Featured on the Show:

  • Get all the details on my Yoga Therapy Certification Program by reaching out here! 
  • If this episode has resonated and you’re looking to deepen this idea of getting your body back on board and you’re looking for one to one support or professional training, then reach out to us at [email protected] where we can customize your learning path.

Full Episode Transcript:

Male Announcer: You’re listening to From Pain to Possibility with Susi Hately. You will hear Susi’s best ideas on how to reduce or even eradicate your pain and learn how to listen to your body when it whispers so you don’t have to hear it scream. And now here’s your host, Susi Hately.

Welcome and welcome back to From Pain To Possibility, a podcast that helps you to reduce and eradicate physical pain for yourself and your clients. I’m your host, Susi Hately, and today I am particularly happy that you’re here because today I share a story about one of my trainees helping her husband eradicate his migraines.

I have taken some raw audio footage from one of our certification training calls where she is presenting a case on her husband. Now, this is a series that we have followed over the past seven months. She started working with him seven months ago and bit by bit and piece by piece we have seen the change as a whole group inside of our program.

It has been amazing to bear witness to. It’s nothing like being a trainer who has decades – I have almost 30 years of helping people reduce and eradicate physical pain. But to see my trainees really get it and get that change is possible is why I do this work. And this is a remarkable story.
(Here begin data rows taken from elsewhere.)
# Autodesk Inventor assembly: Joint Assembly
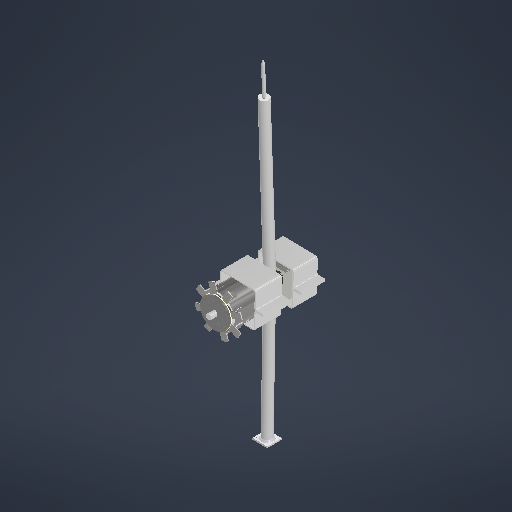
[picture p0: Inventor's stored thumbnail of the model, 512x512]
Saved by Autodesk Inventor 2026.3 (Build 303398000, 398)
## iProperties
Created: 2026-07-22
Part Number: Joint Assembly
Document SubType Name: Assembly
Designer: matot
Author: matot
## Documents named in this file (16)
- C:\Users\matot\OneDrive - Stellenbosch University\2026\MechatronicsProject478\Building the joint\Joint Assembly\Joint Assembly.iam
- C:\Users\matot\OneDrive - Stellenbosch University\2026\MechatronicsProject478\Building the joint\Joint Assembly\Final joint shaft.ipt
- C:\Users\matot\OneDrive - Stellenbosch University\2026\MechatronicsProject478\Building the joint\Joint Assembly\2058786.iam
- C:\Users\matot\OneDrive - Stellenbosch University\2026\MechatronicsProject478\Building the joint\Joint Assembly\8236967.ipt
- C:\Users\matot\OneDrive - Stellenbosch University\2026\MechatronicsProject478\Building the joint\Joint Assembly\Optical Encoder.ipt
- C:\Users\matot\OneDrive - Stellenbosch University\2026\MechatronicsProject478\Building the joint\Joint Assembly\Electromagnet final.iam
- C:\Users\matot\OneDrive - Stellenbosch University\2026\MechatronicsProject478\Building the joint\Joint Assembly\Pressure platform.ipt
- C:\Users\matot\OneDrive - Stellenbosch University\2026\MechatronicsProject478\Building the joint\Joint Assembly\Friction Plate.ipt
- C:\Users\matot\OneDrive - Stellenbosch University\2026\MechatronicsProject478\Building the joint\Joint Assembly\Brake disc.ipt
- C:\Users\matot\OneDrive - Stellenbosch University\2026\MechatronicsProject478\Building the joint\Joint Assembly\Bearing housing top.ipt
- C:\Users\matot\OneDrive - Stellenbosch University\2026\MechatronicsProject478\Building the joint\Joint Assembly\Bearing housing bottom.ipt
- C:\Users\matot\OneDrive - Stellenbosch University\2026\MechatronicsProject478\Building the joint\Joint Assembly\Joint Housing Bottom_final.iam
- C:\Users\matot\OneDrive - Stellenbosch University\2026\MechatronicsProject478\Building the joint\Joint Assembly\Complete front top housing.iam
- C:\Users\matot\OneDrive - Stellenbosch University\2026\MechatronicsProject478\Building the joint\Joint Assembly\Complete back top housing.iam
- C:\Users\matot\OneDrive - Stellenbosch University\2026\MechatronicsProject478\Building the joint\Joint Assembly\Base link.iam
- C:\Users\matot\OneDrive - Stellenbosch University\2026\MechatronicsProject478\Building the joint\Joint Assembly\Output Link.iam
## Components (26 placed, 15 different names)
1. Final joint shaft:1 — Insert:1, Insert:2, Mate:1, Insert:5, Flush:9, Insert:15, Insert:16, Tangent:3, Mate:17, Tangent:4
2. 2058786:1 [sub-assembly] — Insert:2, Insert:4, Insert:17, Insert:20
3. 2058786:2 [sub-assembly] — Insert:1, Insert:3, Insert:18, Insert:19
4. 8236967:1 — Insert:4, Insert:6
5. 8236967:2 — Insert:3
6. Optical Encoder:1 — Mate:1, Insert:5
7. Electromagnet final:3 [sub-assembly] — Insert:6, Mate:2, Insert:7, Flush:1, Mate:3, Insert:8, Flush:2, Mate:4, Insert:9, Flush:3, Mate:5, Insert:10, Flush:4, Mate:6, Insert:11, Flush:5, Mate:7, Insert:12, Flush:6, Mate:8, Insert:13, Flush:7, Mate:9, Insert:14, Flush:8, Tangent:1, Tangent:2, Flush:10
8. Pressure platform:2 — Mate:3, Insert:8, Flush:2
9. Pressure platform:3 — Mate:4, Insert:9, Flush:3
10. Pressure platform:4 — Mate:5, Insert:10, Flush:4
11. Pressure platform:5 — Mate:2, Insert:7, Flush:1
12. Pressure platform:6 — Mate:6, Insert:11, Flush:5
13. Pressure platform:7 — Mate:9, Insert:14, Flush:8
14. Pressure platform:8 — Mate:8, Insert:13, Flush:7
15. Pressure platform:9 — Mate:7, Insert:12, Flush:6
16. Friction Plate:1 — Flush:9, Insert:15, Mate:10
17. Brake disc:1 — Mate:10, Insert:16
18. Bearing housing top:1 — Insert:17, Mate:14
19. Bearing housing top:2 — Insert:18, Mate:13
20. Bearing housing bottom:1 — Insert:20, Mate:14, Mate:15
21. Bearing housing bottom:2 — Insert:19, Mate:13, Mate:16
22. Joint Housing Bottom_final:2 [sub-assembly] — Tangent:1, Tangent:2, Flush:10, Mate:11, Flush:11, Flush:12, Flush:13, Mate:12, Flush:14, Mate:15, Mate:16, Insert:21, Insert:22
23. Complete front top housing:1 [sub-assembly] — Mate:11, Flush:11, Flush:12
24. Complete back top housing:1 [sub-assembly] — Flush:13, Mate:12, Flush:14
25. Base link:1 [sub-assembly] — Insert:21, Insert:22
26. Output Link:1 [sub-assembly] — Tangent:3, Mate:17, Tangent:4
## Relationships (57: Insert 22, Mate 17, Flush 14, Tangent 4)
- Insert:1: Final joint shaft:1 ↔ 2058786:2
- Insert:2: Final joint shaft:1 ↔ 2058786:1
- Insert:3: 2058786:2 ↔ 8236967:2
- Insert:4: 2058786:1 ↔ 8236967:1
- Mate:1: Final joint shaft:1 ↔ Optical Encoder:1
- Insert:5: Final joint shaft:1 ↔ Optical Encoder:1
- Insert:6 (5 mm): 8236967:1 ↔ Electromagnet final:3
- Mate:2: Electromagnet final:3 ↔ Pressure platform:5
- Insert:7: Electromagnet final:3 ↔ Pressure platform:5
- Flush:1: Electromagnet final:3 ↔ Pressure platform:5
- Mate:3: Electromagnet final:3 ↔ Pressure platform:2
- Insert:8: Electromagnet final:3 ↔ Pressure platform:2
- Flush:2: Electromagnet final:3 ↔ Pressure platform:2
- Mate:4: Electromagnet final:3 ↔ Pressure platform:3
- Insert:9: Electromagnet final:3 ↔ Pressure platform:3
- Flush:3: Electromagnet final:3 ↔ Pressure platform:3
- Mate:5: Electromagnet final:3 ↔ Pressure platform:4
- Insert:10: Electromagnet final:3 ↔ Pressure platform:4
- Flush:4: Electromagnet final:3 ↔ Pressure platform:4
- Mate:6: Electromagnet final:3 ↔ Pressure platform:6
- Insert:11: Electromagnet final:3 ↔ Pressure platform:6
- Flush:5: Electromagnet final:3 ↔ Pressure platform:6
- Mate:7: Electromagnet final:3 ↔ Pressure platform:9
- Insert:12: Electromagnet final:3 ↔ Pressure platform:9
- Flush:6: Electromagnet final:3 ↔ Pressure platform:9
- Mate:8: Electromagnet final:3 ↔ Pressure platform:8
- Insert:13: Electromagnet final:3 ↔ Pressure platform:8
- Flush:7: Electromagnet final:3 ↔ Pressure platform:8
- Mate:9: Electromagnet final:3 ↔ Pressure platform:7
- Insert:14: Electromagnet final:3 ↔ Pressure platform:7
- Flush:8: Electromagnet final:3 ↔ Pressure platform:7
- Flush:9: Final joint shaft:1 ↔ Friction Plate:1
- Insert:15: Final joint shaft:1 ↔ Friction Plate:1
- Mate:10: Friction Plate:1 ↔ Brake disc:1
- Insert:16: Final joint shaft:1 ↔ Brake disc:1
- Insert:17: 2058786:1 ↔ Bearing housing top:1
- Insert:18: 2058786:2 ↔ Bearing housing top:2
- Insert:19: 2058786:2 ↔ Bearing housing bottom:2
- Insert:20: 2058786:1 ↔ Bearing housing bottom:1
- Tangent:1: Electromagnet final:3 ↔ Joint Housing Bottom_final:2
- Tangent:2: Electromagnet final:3 ↔ Joint Housing Bottom_final:2
- Flush:10 (-65 mm): Electromagnet final:3 ↔ Joint Housing Bottom_final:2
- Mate:11: Joint Housing Bottom_final:2 ↔ Complete front top housing:1
- Flush:11: Joint Housing Bottom_final:2 ↔ Complete front top housing:1
- Flush:12: Joint Housing Bottom_final:2 ↔ Complete front top housing:1
- Flush:13: Joint Housing Bottom_final:2 ↔ Complete back top housing:1
- Mate:12: Joint Housing Bottom_final:2 ↔ Complete back top housing:1
- Flush:14: Joint Housing Bottom_final:2 ↔ Complete back top housing:1
- Mate:13: Bearing housing top:2 ↔ Bearing housing bottom:2
- Mate:14: Bearing housing top:1 ↔ Bearing housing bottom:1
- Mate:15: Bearing housing bottom:1 ↔ Joint Housing Bottom_final:2
- Mate:16: Bearing housing bottom:2 ↔ Joint Housing Bottom_final:2
- Insert:21: Joint Housing Bottom_final:2 ↔ Base link:1
- Insert:22: Joint Housing Bottom_final:2 ↔ Base link:1
- Tangent:3: Final joint shaft:1 ↔ Output Link:1
- Mate:17: Final joint shaft:1 ↔ Output Link:1
- Tangent:4: Final joint shaft:1 ↔ Output Link:1

Her husband is 60 years old. He has had migraines since he was a teenager. He hasn’t had a full sleep cycle in years. And even though this is in audio, you will hear just how much he has changed. Not only have the migraines gone, his posture has changed, his face shape has changed, even the skin color has changed. And you’ll hear these little pieces of times when Jen is doubting herself and what other trainees come in and then share about what they’re seeing in her.

So not only are you hearing just the story of the change over the past seven months, but you’ll also hear the interaction. I really hope that you enjoy this. If you are someone who has migraines, I simply want you to know that change is possible.

And if you are someone who in your gut and in your breath and in your blood have been looking at my program, you’re inspired by what you hear and there’s a deep knowing that yes, this is where you want to go, then send me an email, [email protected].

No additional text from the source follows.